Data provided |
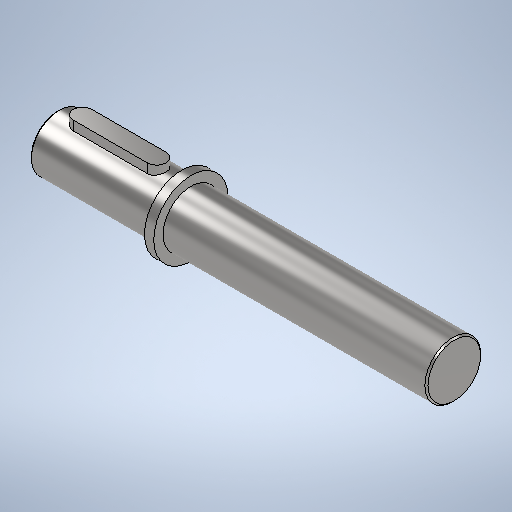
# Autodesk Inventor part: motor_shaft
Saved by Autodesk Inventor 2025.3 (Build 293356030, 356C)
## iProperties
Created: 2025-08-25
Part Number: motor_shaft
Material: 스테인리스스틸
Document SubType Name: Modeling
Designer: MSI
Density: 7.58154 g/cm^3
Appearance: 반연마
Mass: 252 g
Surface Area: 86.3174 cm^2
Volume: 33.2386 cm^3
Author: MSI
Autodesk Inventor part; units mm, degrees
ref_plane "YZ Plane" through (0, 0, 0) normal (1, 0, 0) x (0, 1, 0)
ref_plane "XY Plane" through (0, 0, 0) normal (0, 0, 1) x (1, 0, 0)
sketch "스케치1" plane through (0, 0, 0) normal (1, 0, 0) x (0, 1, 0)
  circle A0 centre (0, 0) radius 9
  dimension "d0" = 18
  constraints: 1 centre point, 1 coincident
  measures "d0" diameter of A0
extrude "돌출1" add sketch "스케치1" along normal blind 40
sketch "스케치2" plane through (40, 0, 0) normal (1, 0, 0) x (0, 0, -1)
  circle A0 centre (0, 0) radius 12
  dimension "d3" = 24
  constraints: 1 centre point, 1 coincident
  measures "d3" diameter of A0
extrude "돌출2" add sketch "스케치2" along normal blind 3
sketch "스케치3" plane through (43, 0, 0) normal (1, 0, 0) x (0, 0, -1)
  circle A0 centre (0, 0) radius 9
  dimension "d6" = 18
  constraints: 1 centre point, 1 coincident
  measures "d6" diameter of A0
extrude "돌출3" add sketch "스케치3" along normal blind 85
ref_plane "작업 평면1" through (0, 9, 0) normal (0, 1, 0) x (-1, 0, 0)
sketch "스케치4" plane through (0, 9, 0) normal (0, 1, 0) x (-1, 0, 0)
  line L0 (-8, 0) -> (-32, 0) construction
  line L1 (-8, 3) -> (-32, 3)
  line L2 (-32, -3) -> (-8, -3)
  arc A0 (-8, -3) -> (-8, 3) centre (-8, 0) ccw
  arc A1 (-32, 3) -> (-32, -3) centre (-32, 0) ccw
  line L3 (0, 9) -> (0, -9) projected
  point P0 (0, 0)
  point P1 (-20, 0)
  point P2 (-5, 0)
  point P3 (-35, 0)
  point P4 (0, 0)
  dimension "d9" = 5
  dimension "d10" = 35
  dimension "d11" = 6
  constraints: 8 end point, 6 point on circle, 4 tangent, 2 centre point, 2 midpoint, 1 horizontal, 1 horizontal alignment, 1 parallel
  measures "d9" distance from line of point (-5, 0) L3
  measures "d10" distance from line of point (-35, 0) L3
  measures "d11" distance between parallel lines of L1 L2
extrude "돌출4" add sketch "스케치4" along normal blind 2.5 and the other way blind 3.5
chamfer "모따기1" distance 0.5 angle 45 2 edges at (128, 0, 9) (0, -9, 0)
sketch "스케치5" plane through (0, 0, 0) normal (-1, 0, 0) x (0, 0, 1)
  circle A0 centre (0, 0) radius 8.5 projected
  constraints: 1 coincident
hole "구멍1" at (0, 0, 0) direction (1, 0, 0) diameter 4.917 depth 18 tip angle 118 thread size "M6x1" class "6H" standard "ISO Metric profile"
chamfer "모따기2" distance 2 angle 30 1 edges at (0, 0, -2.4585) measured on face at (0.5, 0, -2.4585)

Your assignment | Among the lines above, find those holding "Inventor" and copy each one.

Result of the task |
# Autodesk Inventor part: motor_shaft
Saved by Autodesk Inventor 2025.3 (Build 293356030, 356C)
Autodesk Inventor part; units mm, degrees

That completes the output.